Your instructions: Please go over the material below and count each line with the string "Locations", giving only the total.

Given data:
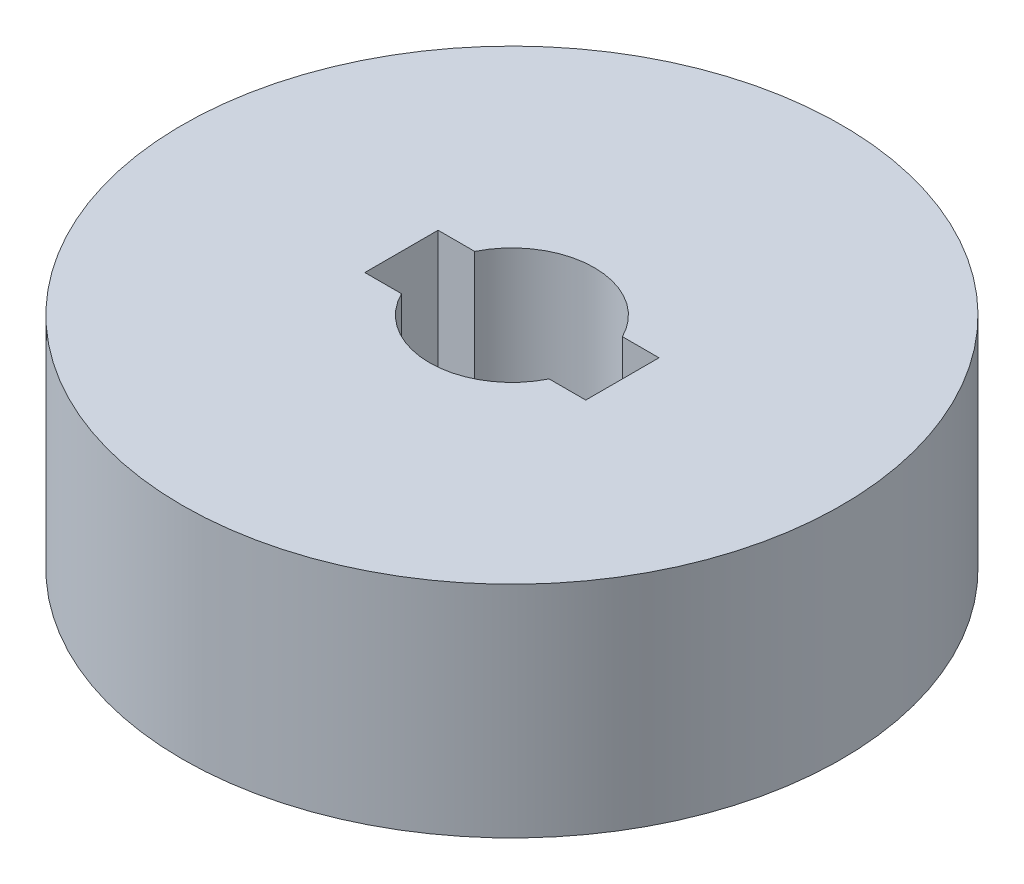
ISO-10303-21;
HEADER;
FILE_DESCRIPTION(('STEP AP214'),'2;1');
FILE_NAME('part.step','',(''),(''),'','','');
FILE_SCHEMA(('AUTOMOTIVE_DESIGN { 1 0 10303 214 1 1 1 1 }'));
ENDSEC;
DATA;
#1=APPLICATION_CONTEXT('core data for automotive mechanical design processes');
#2=APPLICATION_PROTOCOL_DEFINITION('international standard','automotive_design',2000,#1);
#3=PRODUCT_CONTEXT('',#1,'mechanical');
#4=PRODUCT('Part','Part','',(#3));
#5=PRODUCT_RELATED_PRODUCT_CATEGORY('part','',(#4));
#6=PRODUCT_DEFINITION_FORMATION('','',#4);
#7=PRODUCT_DEFINITION_CONTEXT('part definition',#1,'design');
#8=PRODUCT_DEFINITION('design','',#6,#7);
#9=PRODUCT_DEFINITION_SHAPE('','',#8);
#10=(LENGTH_UNIT() NAMED_UNIT(*) SI_UNIT(.MILLI.,.METRE.));
#11=(NAMED_UNIT(*) PLANE_ANGLE_UNIT() SI_UNIT($,.RADIAN.));
#12=(NAMED_UNIT(*) SI_UNIT($,.STERADIAN.) SOLID_ANGLE_UNIT());
#13=UNCERTAINTY_MEASURE_WITH_UNIT(LENGTH_MEASURE(1.E-05),#10,'distance_accuracy_value','');
#14=(GEOMETRIC_REPRESENTATION_CONTEXT(3) GLOBAL_UNCERTAINTY_ASSIGNED_CONTEXT((#13)) GLOBAL_UNIT_ASSIGNED_CONTEXT((#10,
#11,#12)) REPRESENTATION_CONTEXT('',''));
#15=CARTESIAN_POINT('',(0.,0.,0.));
#16=DIRECTION('',(0.,0.,1.));
#17=DIRECTION('',(1.,0.,0.));
#18=AXIS2_PLACEMENT_3D('',#15,#16,#17);
#19=CARTESIAN_POINT('',(0.,-9.525,0.));
#20=DIRECTION('',(0.,1.,0.));
#21=DIRECTION('',(0.,0.,1.));
#22=AXIS2_PLACEMENT_3D('',#19,#20,#21);
#23=CYLINDRICAL_SURFACE('',#22,28.570682);
#24=CARTESIAN_POINT('',(0.,-9.525,0.));
#25=DIRECTION('',(0.,1.,0.));
#26=DIRECTION('',(0.,0.,1.));
#27=AXIS2_PLACEMENT_3D('',#24,#25,#26);
#28=CIRCLE('',#27,28.570682);
#29=CARTESIAN_POINT('',(0.,-9.525,28.570682));
#30=VERTEX_POINT('',#29);
#31=EDGE_CURVE('E11',#30,#30,#28,.T.);
#32=CARTESIAN_POINT('',(0.,9.525,0.));
#33=DIRECTION('',(0.,1.,0.));
#34=DIRECTION('',(0.,0.,1.));
#35=AXIS2_PLACEMENT_3D('',#32,#33,#34);
#36=CIRCLE('',#35,28.570682);
#37=CARTESIAN_POINT('',(0.,9.525,28.570682));
#38=VERTEX_POINT('',#37);
#39=EDGE_CURVE('E41',#38,#38,#36,.T.);
#40=CARTESIAN_POINT('',(0.,-9.525,28.570682));
#41=CARTESIAN_POINT('',(0.,-9.3265625,28.570682));
#42=CARTESIAN_POINT('',(0.,-9.128125,28.570682));
#43=CARTESIAN_POINT('',(0.,-8.73125,28.570682));
#44=CARTESIAN_POINT('',(0.,-8.5328125,28.570682));
#45=CARTESIAN_POINT('',(0.,-8.1359375,28.570682));
#46=CARTESIAN_POINT('',(0.,-7.9375,28.570682));
#47=CARTESIAN_POINT('',(0.,-7.540625,28.570682));
#48=CARTESIAN_POINT('',(0.,-7.3421875,28.570682));
#49=CARTESIAN_POINT('',(0.,-6.9453125,28.570682));
#50=CARTESIAN_POINT('',(0.,-6.746875,28.570682));
#51=CARTESIAN_POINT('',(0.,-6.35,28.570682));
#52=CARTESIAN_POINT('',(0.,-6.1515625,28.570682));
#53=CARTESIAN_POINT('',(0.,-5.7546875,28.570682));
#54=CARTESIAN_POINT('',(0.,-5.55625,28.570682));
#55=CARTESIAN_POINT('',(0.,-5.159375,28.570682));
#56=CARTESIAN_POINT('',(0.,-4.9609375,28.570682));
#57=CARTESIAN_POINT('',(0.,-4.5640625,28.570682));
#58=CARTESIAN_POINT('',(0.,-4.365625,28.570682));
#59=CARTESIAN_POINT('',(0.,-3.96875,28.570682));
#60=CARTESIAN_POINT('',(0.,-3.7703125,28.570682));
#61=CARTESIAN_POINT('',(0.,-3.3734375,28.570682));
#62=CARTESIAN_POINT('',(0.,-3.175,28.570682));
#63=CARTESIAN_POINT('',(0.,-2.778125,28.570682));
#64=CARTESIAN_POINT('',(0.,-2.5796875,28.570682));
#65=CARTESIAN_POINT('',(0.,-2.1828125,28.570682));
#66=CARTESIAN_POINT('',(0.,-1.984375,28.570682));
#67=CARTESIAN_POINT('',(0.,-1.5875,28.570682));
#68=CARTESIAN_POINT('',(0.,-1.3890625,28.570682));
#69=CARTESIAN_POINT('',(0.,-0.992187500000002,28.570682));
#70=CARTESIAN_POINT('',(0.,-0.793750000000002,28.570682));
#71=CARTESIAN_POINT('',(0.,-0.396875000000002,28.570682));
#72=CARTESIAN_POINT('',(0.,-0.198437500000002,28.570682));
#73=CARTESIAN_POINT('',(0.,0.198437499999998,28.570682));
#74=CARTESIAN_POINT('',(0.,0.396874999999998,28.570682));
#75=CARTESIAN_POINT('',(0.,0.793749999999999,28.570682));
#76=CARTESIAN_POINT('',(0.,0.992187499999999,28.570682));
#77=CARTESIAN_POINT('',(0.,1.3890625,28.570682));
#78=CARTESIAN_POINT('',(0.,1.5875,28.570682));
#79=CARTESIAN_POINT('',(0.,1.984375,28.570682));
#80=CARTESIAN_POINT('',(0.,2.1828125,28.570682));
#81=CARTESIAN_POINT('',(0.,2.5796875,28.570682));
#82=CARTESIAN_POINT('',(0.,2.778125,28.570682));
#83=CARTESIAN_POINT('',(0.,3.175,28.570682));
#84=CARTESIAN_POINT('',(0.,3.3734375,28.570682));
#85=CARTESIAN_POINT('',(0.,3.7703125,28.570682));
#86=CARTESIAN_POINT('',(0.,3.96875,28.570682));
#87=CARTESIAN_POINT('',(0.,4.365625,28.570682));
#88=CARTESIAN_POINT('',(0.,4.5640625,28.570682));
#89=CARTESIAN_POINT('',(0.,4.9609375,28.570682));
#90=CARTESIAN_POINT('',(0.,5.159375,28.570682));
#91=CARTESIAN_POINT('',(0.,5.55625,28.570682));
#92=CARTESIAN_POINT('',(0.,5.7546875,28.570682));
#93=CARTESIAN_POINT('',(0.,6.1515625,28.570682));
#94=CARTESIAN_POINT('',(0.,6.35,28.570682));
#95=CARTESIAN_POINT('',(0.,6.746875,28.570682));
#96=CARTESIAN_POINT('',(0.,6.9453125,28.570682));
#97=CARTESIAN_POINT('',(0.,7.3421875,28.570682));
#98=CARTESIAN_POINT('',(0.,7.540625,28.570682));
#99=CARTESIAN_POINT('',(0.,7.9375,28.570682));
#100=CARTESIAN_POINT('',(0.,8.1359375,28.570682));
#101=CARTESIAN_POINT('',(0.,8.5328125,28.570682));
#102=CARTESIAN_POINT('',(0.,8.73125,28.570682));
#103=CARTESIAN_POINT('',(0.,9.128125,28.570682));
#104=CARTESIAN_POINT('',(0.,9.3265625,28.570682));
#105=CARTESIAN_POINT('',(0.,9.525,28.570682));
#106=B_SPLINE_CURVE_WITH_KNOTS('',3,(#40,#41,#42,#43,#44,#45,#46,#47,#48,#49,#50,#51,#52,#53,
#54,#55,#56,#57,#58,#59,#60,#61,#62,#63,#64,#65,#66,#67,#68,#69,#70,#71,#72,#73,#74,#75,#76,#77,
#78,#79,#80,#81,#82,#83,#84,#85,#86,#87,#88,#89,#90,#91,#92,#93,#94,#95,#96,#97,#98,#99,#100,
#101,#102,#103,#104,#105),.UNSPECIFIED.,.F.,.F.,(4,2,2,2,2,2,2,2,2,2,2,2,2,2,2,2,2,2,2,2,2,2,2,
2,2,2,2,2,2,2,2,2,4),(0.,0.5953125,1.190625,1.7859375,2.38125,2.9765625,3.571875,4.1671875,
4.7625,5.3578125,5.953125,6.5484375,7.14375,7.7390625,8.334375,8.9296875,9.525,10.1203125,
10.715625,11.3109375,11.90625,12.5015625,13.096875,13.6921875,14.2875,14.8828125,15.478125,
16.0734375,16.66875,17.2640625,17.859375,18.4546875,19.05),.UNSPECIFIED.);
#107=EDGE_CURVE('BSEAM34',#30,#38,#106,.T.);
#108=ORIENTED_EDGE('',*,*,#31,.T.);
#109=ORIENTED_EDGE('',*,*,#39,.F.);
#110=ORIENTED_EDGE('',*,*,#107,.T.);
#111=ORIENTED_EDGE('',*,*,#107,.F.);
#112=EDGE_LOOP('',(#108,#110,#109,#111));
#113=FACE_BOUND('',#112,.T.);
#114=ADVANCED_FACE('F34',(#113),#23,.T.);
#115=CARTESIAN_POINT('',(0.,-9.525,0.));
#116=DIRECTION('',(0.,1.,0.));
#117=DIRECTION('',(0.,0.,1.));
#118=AXIS2_PLACEMENT_3D('',#115,#116,#117);
#119=PLANE('',#118);
#120=DIRECTION('',(-1.,0.,0.));
#121=VECTOR('',#120,1.);
#122=CARTESIAN_POINT('',(6.39941708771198,-9.525,-3.175));
#123=LINE('',#122,#121);
#124=CARTESIAN_POINT('',(9.57441708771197,-9.525,-3.175));
#125=VERTEX_POINT('',#124);
#126=CARTESIAN_POINT('',(6.39941708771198,-9.525,-3.175));
#127=VERTEX_POINT('',#126);
#128=EDGE_CURVE('E152',#125,#127,#123,.T.);
#129=ORIENTED_EDGE('',*,*,#128,.T.);
#130=CARTESIAN_POINT('',(0.,-9.525,0.));
#131=DIRECTION('',(0.,1.,0.));
#132=DIRECTION('',(0.,0.,1.));
#133=AXIS2_PLACEMENT_3D('',#130,#131,#132);
#134=CIRCLE('',#133,7.14375);
#135=CARTESIAN_POINT('',(-6.39941708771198,-9.525,-3.175));
#136=VERTEX_POINT('',#135);
#137=EDGE_CURVE('E134',#127,#136,#134,.T.);
#138=ORIENTED_EDGE('',*,*,#137,.T.);
#139=DIRECTION('',(-1.,0.,0.));
#140=VECTOR('',#139,1.);
#141=CARTESIAN_POINT('',(-9.57718291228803,-9.525,-3.175));
#142=LINE('',#141,#140);
#143=CARTESIAN_POINT('',(-9.57718291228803,-9.525,-3.175));
#144=VERTEX_POINT('',#143);
#145=EDGE_CURVE('E137',#136,#144,#142,.T.);
#146=ORIENTED_EDGE('',*,*,#145,.T.);
#147=DIRECTION('',(0.,0.,1.));
#148=VECTOR('',#147,1.);
#149=CARTESIAN_POINT('',(-9.57718291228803,-9.525,-3.175));
#150=LINE('',#149,#148);
#151=CARTESIAN_POINT('',(-9.57718291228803,-9.525,3.175));
#152=VERTEX_POINT('',#151);
#153=EDGE_CURVE('E48',#144,#152,#150,.T.);
#154=ORIENTED_EDGE('',*,*,#153,.T.);
#155=DIRECTION('',(1.,0.,0.));
#156=VECTOR('',#155,1.);
#157=CARTESIAN_POINT('',(-9.57718291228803,-9.525,3.175));
#158=LINE('',#157,#156);
#159=CARTESIAN_POINT('',(-6.39941708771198,-9.525,3.175));
#160=VERTEX_POINT('',#159);
#161=EDGE_CURVE('E140',#152,#160,#158,.T.);
#162=ORIENTED_EDGE('',*,*,#161,.T.);
#163=CARTESIAN_POINT('',(0.,-9.525,0.));
#164=DIRECTION('',(0.,1.,0.));
#165=DIRECTION('',(0.,0.,1.));
#166=AXIS2_PLACEMENT_3D('',#163,#164,#165);
#167=CIRCLE('',#166,7.14375);
#168=CARTESIAN_POINT('',(6.39941708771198,-9.525,3.175));
#169=VERTEX_POINT('',#168);
#170=EDGE_CURVE('E143',#160,#169,#167,.T.);
#171=ORIENTED_EDGE('',*,*,#170,.T.);
#172=DIRECTION('',(1.,0.,0.));
#173=VECTOR('',#172,1.);
#174=CARTESIAN_POINT('',(6.39941708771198,-9.525,3.175));
#175=LINE('',#174,#173);
#176=CARTESIAN_POINT('',(9.57441708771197,-9.525,3.175));
#177=VERTEX_POINT('',#176);
#178=EDGE_CURVE('E146',#169,#177,#175,.T.);
#179=ORIENTED_EDGE('',*,*,#178,.T.);
#180=DIRECTION('',(0.,0.,-1.));
#181=VECTOR('',#180,1.);
#182=CARTESIAN_POINT('',(9.57441708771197,-9.525,-3.175));
#183=LINE('',#182,#181);
#184=EDGE_CURVE('E149',#177,#125,#183,.T.);
#185=ORIENTED_EDGE('',*,*,#184,.T.);
#186=EDGE_LOOP('',(#129,#138,#146,#154,#162,#171,#179,#185));
#187=FACE_BOUND('',#186,.T.);
#188=ORIENTED_EDGE('',*,*,#31,.F.);
#189=EDGE_LOOP('',(#188));
#190=FACE_BOUND('',#189,.T.);
#191=ADVANCED_FACE('F170',(#187,#190),#119,.F.);
#192=CARTESIAN_POINT('',(0.,9.525,0.));
#193=DIRECTION('',(0.,1.,0.));
#194=DIRECTION('',(0.,0.,1.));
#195=AXIS2_PLACEMENT_3D('',#192,#193,#194);
#196=PLANE('',#195);
#197=CARTESIAN_POINT('',(0.,9.525,0.));
#198=DIRECTION('',(0.,1.,0.));
#199=DIRECTION('',(0.,0.,1.));
#200=AXIS2_PLACEMENT_3D('',#197,#198,#199);
#201=CIRCLE('',#200,7.14375);
#202=CARTESIAN_POINT('',(6.39941708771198,9.525,-3.175));
#203=VERTEX_POINT('',#202);
#204=CARTESIAN_POINT('',(-6.39941708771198,9.525,-3.175));
#205=VERTEX_POINT('',#204);
#206=EDGE_CURVE('E56',#203,#205,#201,.T.);
#207=ORIENTED_EDGE('',*,*,#206,.F.);
#208=DIRECTION('',(-1.,0.,0.));
#209=VECTOR('',#208,1.);
#210=CARTESIAN_POINT('',(6.39941708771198,9.525,-3.175));
#211=LINE('',#210,#209);
#212=CARTESIAN_POINT('',(9.57441708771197,9.525,-3.175));
#213=VERTEX_POINT('',#212);
#214=EDGE_CURVE('E131',#213,#203,#211,.T.);
#215=ORIENTED_EDGE('',*,*,#214,.F.);
#216=DIRECTION('',(0.,0.,-1.));
#217=VECTOR('',#216,1.);
#218=CARTESIAN_POINT('',(9.57441708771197,9.525,-3.175));
#219=LINE('',#218,#217);
#220=CARTESIAN_POINT('',(9.57441708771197,9.525,3.175));
#221=VERTEX_POINT('',#220);
#222=EDGE_CURVE('E128',#221,#213,#219,.T.);
#223=ORIENTED_EDGE('',*,*,#222,.F.);
#224=DIRECTION('',(1.,0.,0.));
#225=VECTOR('',#224,1.);
#226=CARTESIAN_POINT('',(6.39941708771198,9.525,3.175));
#227=LINE('',#226,#225);
#228=CARTESIAN_POINT('',(6.39941708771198,9.525,3.175));
#229=VERTEX_POINT('',#228);
#230=EDGE_CURVE('E125',#229,#221,#227,.T.);
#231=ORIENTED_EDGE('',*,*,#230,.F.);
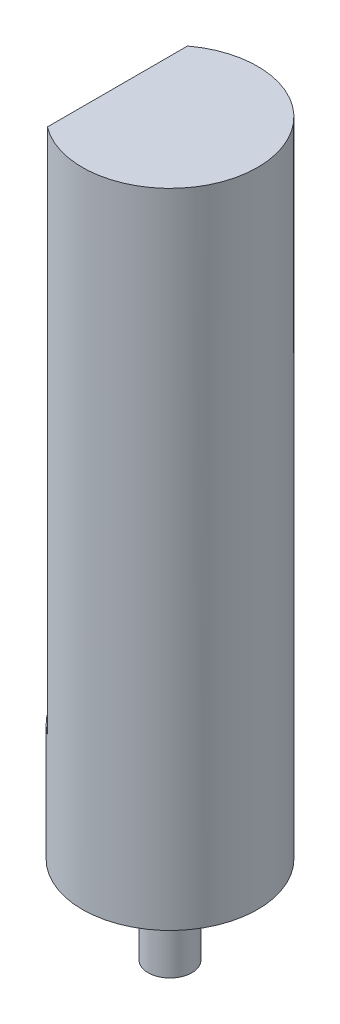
from build123d import *

# Parameters (mm, degrees)
SKETCH_1_R          = 1.5
EXTRUDE_1_DEPTH     = 11
CUT_EXTRUDE_START   = -9
CUT_EXTRUDE_1_DEPTH = 9
SKETCH_3_R          = 0.375
EXTRUDE_2_DEPTH     = 1.5


with BuildPart() as part:
    # Sketch 1 → Extrude 1 (new body)
    with BuildSketch(Plane(origin=(0, 0, 0), x_dir=(1, 0, 0), z_dir=(0, 1, 0))):
        with Locations(Location((0, 0, 0), (0, 0, 270))):
            Circle(SKETCH_1_R)
    extrude(amount=EXTRUDE_1_DEPTH)

    # Sketch 2 → Cut-Extrude 1 (cut)
    with BuildSketch(Plane(origin=(0, 11, 0), x_dir=(1, 0, 0), z_dir=(0, 1, 0)).offset(CUT_EXTRUDE_START)):
        with BuildLine():
            Line((-0.9, -1.2), (-0.9, 1.2))
            ThreePointArc((-0.9, 1.2), (-1.5, 0), (-0.9, -1.2))
        make_face()
    extrude(amount=CUT_EXTRUDE_1_DEPTH, mode=Mode.SUBTRACT)

    # Sketch 3 → Extrude 2 (add)
    with BuildSketch(Plane.XZ):
        with Locations(Location((0, 0, 0), (0, 0, 90))):
            Circle(SKETCH_3_R)
    extrude(amount=EXTRUDE_2_DEPTH)


solid = part.part

Result for this task: 2